▶ [Exercise description] Please set down exactly the lines of the listing below from the line containing "#115=ORIENTED_EDGE('',*,*,#114,.T.);" through the line containing "#150=DIRECTION('',(0.,1.,0.));", both lines included, leaving out all other lines.

□ □ □ □ □ □ □

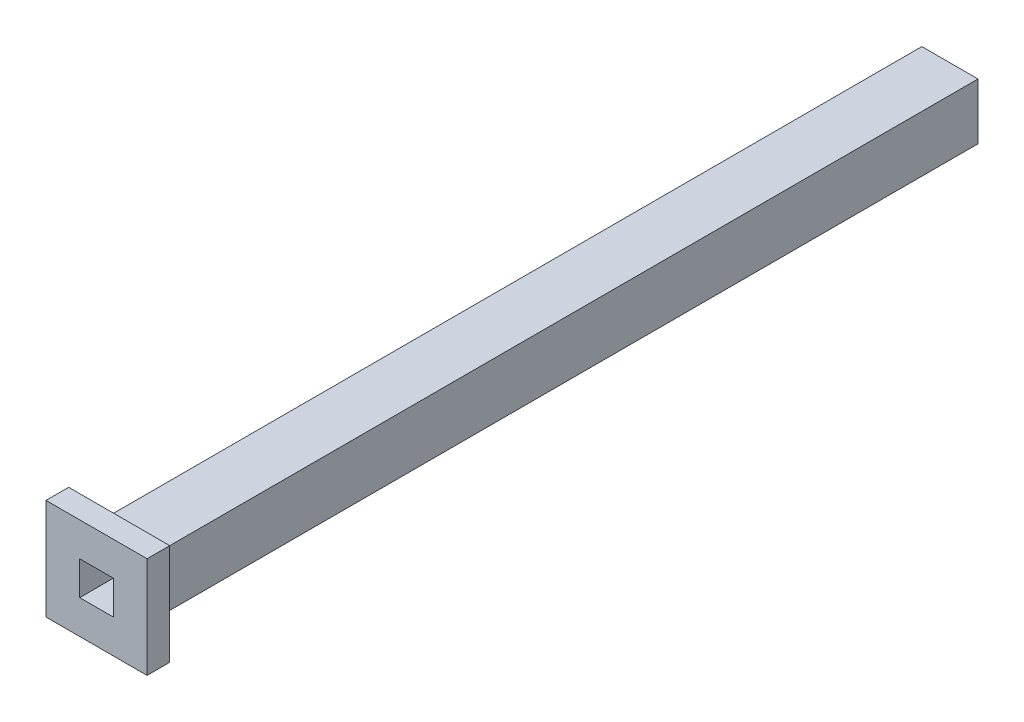
ISO-10303-21;
HEADER;
FILE_DESCRIPTION(('STEP AP214'),'2;1');
FILE_NAME('part.step','',(''),(''),'','','');
FILE_SCHEMA(('AUTOMOTIVE_DESIGN { 1 0 10303 214 1 1 1 1 }'));
ENDSEC;
DATA;
#1=APPLICATION_CONTEXT('core data for automotive mechanical design processes');
#2=APPLICATION_PROTOCOL_DEFINITION('international standard','automotive_design',2000,#1);
#3=PRODUCT_CONTEXT('',#1,'mechanical');
#4=PRODUCT('Part','Part','',(#3));
#5=PRODUCT_RELATED_PRODUCT_CATEGORY('part','',(#4));
#6=PRODUCT_DEFINITION_FORMATION('','',#4);
#7=PRODUCT_DEFINITION_CONTEXT('part definition',#1,'design');
#8=PRODUCT_DEFINITION('design','',#6,#7);
#9=PRODUCT_DEFINITION_SHAPE('','',#8);
#10=(LENGTH_UNIT() NAMED_UNIT(*) SI_UNIT(.MILLI.,.METRE.));
#11=(NAMED_UNIT(*) PLANE_ANGLE_UNIT() SI_UNIT($,.RADIAN.));
#12=(NAMED_UNIT(*) SI_UNIT($,.STERADIAN.) SOLID_ANGLE_UNIT());
#13=UNCERTAINTY_MEASURE_WITH_UNIT(LENGTH_MEASURE(1.E-05),#10,'distance_accuracy_value','');
#14=(GEOMETRIC_REPRESENTATION_CONTEXT(3) GLOBAL_UNCERTAINTY_ASSIGNED_CONTEXT((#13)) GLOBAL_UNIT_ASSIGNED_CONTEXT((#10,
#11,#12)) REPRESENTATION_CONTEXT('',''));
#15=CARTESIAN_POINT('',(0.,0.,0.));
#16=DIRECTION('',(0.,0.,1.));
#17=DIRECTION('',(1.,0.,0.));
#18=AXIS2_PLACEMENT_3D('',#15,#16,#17);
#19=CARTESIAN_POINT('',(0.,0.,0.5));
#20=DIRECTION('',(0.,0.,1.));
#21=DIRECTION('',(1.,0.,0.));
#22=AXIS2_PLACEMENT_3D('',#19,#20,#21);
#23=PLANE('',#22);
#24=DIRECTION('',(0.,-1.,0.));
#25=VECTOR('',#24,1.);
#26=CARTESIAN_POINT('',(11.,0.,0.5));
#27=LINE('',#26,#25);
#28=CARTESIAN_POINT('',(11.,9.,0.5));
#29=VERTEX_POINT('',#28);
#30=CARTESIAN_POINT('',(11.,-5.,0.5));
#31=VERTEX_POINT('',#30);
#32=EDGE_CURVE('E11',#29,#31,#27,.T.);
#33=ORIENTED_EDGE('',*,*,#32,.F.);
#34=DIRECTION('',(1.,0.,0.));
#35=VECTOR('',#34,1.);
#36=CARTESIAN_POINT('',(0.,9.,0.5));
#37=LINE('',#36,#35);
#38=CARTESIAN_POINT('',(-3.,9.,0.5));
#39=VERTEX_POINT('',#38);
#40=EDGE_CURVE('E273',#39,#29,#37,.T.);
#41=ORIENTED_EDGE('',*,*,#40,.F.);
#42=DIRECTION('',(0.,1.,0.));
#43=VECTOR('',#42,1.);
#44=CARTESIAN_POINT('',(-3.,0.,0.5));
#45=LINE('',#44,#43);
#46=CARTESIAN_POINT('',(-3.,-5.,0.5));
#47=VERTEX_POINT('',#46);
#48=EDGE_CURVE('E275',#47,#39,#45,.T.);
#49=ORIENTED_EDGE('',*,*,#48,.F.);
#50=DIRECTION('',(-1.,0.,0.));
#51=VECTOR('',#50,1.);
#52=CARTESIAN_POINT('',(0.,-5.,0.5));
#53=LINE('',#52,#51);
#54=EDGE_CURVE('E45',#31,#47,#53,.T.);
#55=ORIENTED_EDGE('',*,*,#54,.F.);
#56=EDGE_LOOP('',(#33,#41,#49,#55));
#57=FACE_BOUND('',#56,.T.);
#58=DIRECTION('',(0.,-1.,0.));
#59=VECTOR('',#58,1.);
#60=CARTESIAN_POINT('',(13.,11.,0.5));
#61=LINE('',#60,#59);
#62=CARTESIAN_POINT('',(13.,11.,0.5));
#63=VERTEX_POINT('',#62);
#64=CARTESIAN_POINT('',(13.,-7.,0.5));
#65=VERTEX_POINT('',#64);
#66=EDGE_CURVE('E226',#63,#65,#61,.T.);
#67=ORIENTED_EDGE('',*,*,#66,.T.);
#68=DIRECTION('',(-1.,0.,0.));
#69=VECTOR('',#68,1.);
#70=CARTESIAN_POINT('',(13.,-7.,0.5));
#71=LINE('',#70,#69);
#72=CARTESIAN_POINT('',(-5.,-7.,0.5));
#73=VERTEX_POINT('',#72);
#74=EDGE_CURVE('E229',#65,#73,#71,.T.);
#75=ORIENTED_EDGE('',*,*,#74,.T.);
#76=DIRECTION('',(0.,1.,0.));
#77=VECTOR('',#76,1.);
#78=CARTESIAN_POINT('',(-5.,11.,0.5));
#79=LINE('',#78,#77);
#80=CARTESIAN_POINT('',(-5.,11.,0.5));
#81=VERTEX_POINT('',#80);
#82=EDGE_CURVE('E232',#73,#81,#79,.T.);
#83=ORIENTED_EDGE('',*,*,#82,.T.);
#84=DIRECTION('',(1.,0.,0.));
#85=VECTOR('',#84,1.);
#86=CARTESIAN_POINT('',(13.,11.,0.5));
#87=LINE('',#86,#85);
#88=EDGE_CURVE('E235',#81,#63,#87,.T.);
#89=ORIENTED_EDGE('',*,*,#88,.T.);
#90=EDGE_LOOP('',(#67,#75,#83,#89));
#91=FACE_BOUND('',#90,.T.);
#92=ADVANCED_FACE('F38',(#57,#91),#23,.F.);
#93=CARTESIAN_POINT('',(0.,0.,4.54));
#94=DIRECTION('',(0.,0.,1.));
#95=DIRECTION('',(1.,0.,0.));
#96=AXIS2_PLACEMENT_3D('',#93,#94,#95);
#97=PLANE('',#96);
#98=DIRECTION('',(0.,-1.,0.));
#99=VECTOR('',#98,1.);
#100=CARTESIAN_POINT('',(-5.,11.,4.54));
#101=LINE('',#100,#99);
#102=CARTESIAN_POINT('',(-5.,11.,4.54));
#103=VERTEX_POINT('',#102);
#104=CARTESIAN_POINT('',(-5.,-7.,4.54));
#105=VERTEX_POINT('',#104);
#106=EDGE_CURVE('E212',#103,#105,#101,.T.);
#107=ORIENTED_EDGE('',*,*,#106,.T.);
#108=DIRECTION('',(1.,0.,0.));
#109=VECTOR('',#108,1.);
#110=CARTESIAN_POINT('',(-5.,-7.,4.54));
#111=LINE('',#110,#109);
#112=CARTESIAN_POINT('',(13.,-7.,4.54));
#113=VERTEX_POINT('',#112);
#114=EDGE_CURVE('E217',#105,#113,#111,.T.);
#115=ORIENTED_EDGE('',*,*,#114,.T.);
#116=DIRECTION('',(0.,1.,0.));
#117=VECTOR('',#116,1.);
#118=CARTESIAN_POINT('',(13.,11.,4.54));
#119=LINE('',#118,#117);
#120=CARTESIAN_POINT('',(13.,11.,4.54));
#121=VERTEX_POINT('',#120);
#122=EDGE_CURVE('E220',#113,#121,#119,.T.);
#123=ORIENTED_EDGE('',*,*,#122,.T.);
#124=DIRECTION('',(-1.,0.,0.));
#125=VECTOR('',#124,1.);
#126=CARTESIAN_POINT('',(-5.,11.,4.54));
#127=LINE('',#126,#125);
#128=EDGE_CURVE('E223',#121,#103,#127,.T.);
#129=ORIENTED_EDGE('',*,*,#128,.T.);
#130=EDGE_LOOP('',(#107,#115,#123,#129));
#131=FACE_BOUND('',#130,.T.);
#132=DIRECTION('',(0.,-1.,0.));
#133=VECTOR('',#132,1.);
#134=CARTESIAN_POINT('',(1.,5.,4.54));
#135=LINE('',#134,#133);
#136=CARTESIAN_POINT('',(1.,5.,4.54));
#137=VERTEX_POINT('',#136);
#138=CARTESIAN_POINT('',(1.,-1.,4.54));
#139=VERTEX_POINT('',#138);
#140=EDGE_CURVE('E177',#137,#139,#135,.T.);
#141=ORIENTED_EDGE('',*,*,#140,.F.);
#142=DIRECTION('',(-1.,0.,0.));
#143=VECTOR('',#142,1.);
#144=CARTESIAN_POINT('',(1.,5.,4.54));
#145=LINE('',#144,#143);
#146=CARTESIAN_POINT('',(7.,5.,4.54));
#147=VERTEX_POINT('',#146);
#148=EDGE_CURVE('E182',#147,#137,#145,.T.);
#149=ORIENTED_EDGE('',*,*,#148,.F.);
#150=DIRECTION('',(0.,1.,0.));
#151=VECTOR('',#150,1.);
#152=CARTESIAN_POINT('',(7.,5.,4.54));
#153=LINE('',#152,#151);
#154=CARTESIAN_POINT('',(7.,-1.,4.54));
#155=VERTEX_POINT('',#154);
#156=EDGE_CURVE('E196',#155,#147,#153,.T.);
#157=ORIENTED_EDGE('',*,*,#156,.F.);
#158=DIRECTION('',(1.,0.,0.));
#159=VECTOR('',#158,1.);
#160=CARTESIAN_POINT('',(1.,-1.,4.54));
#161=LINE('',#160,#159);
#162=EDGE_CURVE('E193',#139,#155,#161,.T.);
#163=ORIENTED_EDGE('',*,*,#162,.F.);
#164=EDGE_LOOP('',(#141,#149,#157,#163));
#165=FACE_BOUND('',#164,.T.);
#166=ADVANCED_FACE('F298',(#131,#165),#97,.T.);
#167=CARTESIAN_POINT('',(0.,0.,2.54));
#168=DIRECTION('',(0.,0.,1.));
#169=DIRECTION('',(1.,0.,0.));
#170=AXIS2_PLACEMENT_3D('',#167,#168,#169);
#171=PLANE('',#170);
#172=DIRECTION('',(-1.,0.,0.));
#173=VECTOR('',#172,1.);
#174=CARTESIAN_POINT('',(9.,-3.,2.54));
#175=LINE('',#174,#173);
#176=CARTESIAN_POINT('',(9.,-3.,2.54));
#177=VERTEX_POINT('',#176);
#178=CARTESIAN_POINT('',(-0.999999999999999,-3.,2.53999999999999));
#179=VERTEX_POINT('',#178);
#180=EDGE_CURVE('E60',#177,#179,#175,.T.);
#181=ORIENTED_EDGE('',*,*,#180,.F.);
#182=DIRECTION('',(0.,-1.,0.));
#183=VECTOR('',#182,1.);
#184=CARTESIAN_POINT('',(9.,7.,2.54));
#185=LINE('',#184,#183);
#186=CARTESIAN_POINT('',(9.,7.,2.54));
#187=VERTEX_POINT('',#186);
#188=EDGE_CURVE('E155',#187,#177,#185,.T.);
#189=ORIENTED_EDGE('',*,*,#188,.F.);
#190=DIRECTION('',(1.,0.,0.));
#191=VECTOR('',#190,1.);
#192=CARTESIAN_POINT('',(9.,7.,2.54));
#193=LINE('',#192,#191);
#194=CARTESIAN_POINT('',(-0.999999999999999,7.,2.54));
#195=VERTEX_POINT('',#194);
#196=EDGE_CURVE('E270',#195,#187,#193,.T.);
#197=ORIENTED_EDGE('',*,*,#196,.F.);
#198=DIRECTION('',(0.,1.,0.));
#199=VECTOR('',#198,1.);
#200=CARTESIAN_POINT('',(-0.999999999999999,7.,2.54));
#201=LINE('',#200,#199);
#202=EDGE_CURVE('E267',#179,#195,#201,.T.);
#203=ORIENTED_EDGE('',*,*,#202,.F.);
#204=EDGE_LOOP('',(#181,#189,#197,#203));
#205=FACE_BOUND('',#204,.T.);
#206=DIRECTION('',(0.,-1.,0.));
#207=VECTOR('',#206,1.);
#208=CARTESIAN_POINT('',(11.,9.,2.54));
#209=LINE('',#208,#207);
#210=CARTESIAN_POINT('',(11.,9.,2.54));
#211=VERTEX_POINT('',#210);
#212=CARTESIAN_POINT('',(11.,-5.,2.54));
#213=VERTEX_POINT('',#212);
#214=EDGE_CURVE('E241',#211,#213,#209,.T.);
#215=ORIENTED_EDGE('',*,*,#214,.T.);
#216=DIRECTION('',(-1.,0.,0.));
#217=VECTOR('',#216,1.);
#218=CARTESIAN_POINT('',(11.,-5.,2.54));
#219=LINE('',#218,#217);
#220=CARTESIAN_POINT('',(-3.,-5.,2.54));
#221=VERTEX_POINT('',#220);
#222=EDGE_CURVE('E249',#213,#221,#219,.T.);
#223=ORIENTED_EDGE('',*,*,#222,.T.);
#224=DIRECTION('',(0.,1.,0.));
#225=VECTOR('',#224,1.);
#226=CARTESIAN_POINT('',(-3.,9.,2.54));
#227=LINE('',#226,#225);
#228=CARTESIAN_POINT('',(-3.,9.,2.54));
#229=VERTEX_POINT('',#228);
#230=EDGE_CURVE('E252',#221,#229,#227,.T.);
#231=ORIENTED_EDGE('',*,*,#230,.T.);
#232=DIRECTION('',(1.,0.,0.));
#233=VECTOR('',#232,1.);
#234=CARTESIAN_POINT('',(11.,9.,2.54));
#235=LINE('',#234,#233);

□ □ □ □ □ □ □

▶ [Answer space]
#115=ORIENTED_EDGE('',*,*,#114,.T.);
#116=DIRECTION('',(0.,1.,0.));
#117=VECTOR('',#116,1.);
#118=CARTESIAN_POINT('',(13.,11.,4.54));
#119=LINE('',#118,#117);
#120=CARTESIAN_POINT('',(13.,11.,4.54));
#121=VERTEX_POINT('',#120);
#122=EDGE_CURVE('E220',#113,#121,#119,.T.);
#123=ORIENTED_EDGE('',*,*,#122,.T.);
#124=DIRECTION('',(-1.,0.,0.));
#125=VECTOR('',#124,1.);
#126=CARTESIAN_POINT('',(-5.,11.,4.54));
#127=LINE('',#126,#125);
#128=EDGE_CURVE('E223',#121,#103,#127,.T.);
#129=ORIENTED_EDGE('',*,*,#128,.T.);
#130=EDGE_LOOP('',(#107,#115,#123,#129));
#131=FACE_BOUND('',#130,.T.);
#132=DIRECTION('',(0.,-1.,0.));
#133=VECTOR('',#132,1.);
#134=CARTESIAN_POINT('',(1.,5.,4.54));
#135=LINE('',#134,#133);
#136=CARTESIAN_POINT('',(1.,5.,4.54));
#137=VERTEX_POINT('',#136);
#138=CARTESIAN_POINT('',(1.,-1.,4.54));
#139=VERTEX_POINT('',#138);
#140=EDGE_CURVE('E177',#137,#139,#135,.T.);
#141=ORIENTED_EDGE('',*,*,#140,.F.);
#142=DIRECTION('',(-1.,0.,0.));
#143=VECTOR('',#142,1.);
#144=CARTESIAN_POINT('',(1.,5.,4.54));
#145=LINE('',#144,#143);
#146=CARTESIAN_POINT('',(7.,5.,4.54));
#147=VERTEX_POINT('',#146);
#148=EDGE_CURVE('E182',#147,#137,#145,.T.);
#149=ORIENTED_EDGE('',*,*,#148,.F.);
#150=DIRECTION('',(0.,1.,0.));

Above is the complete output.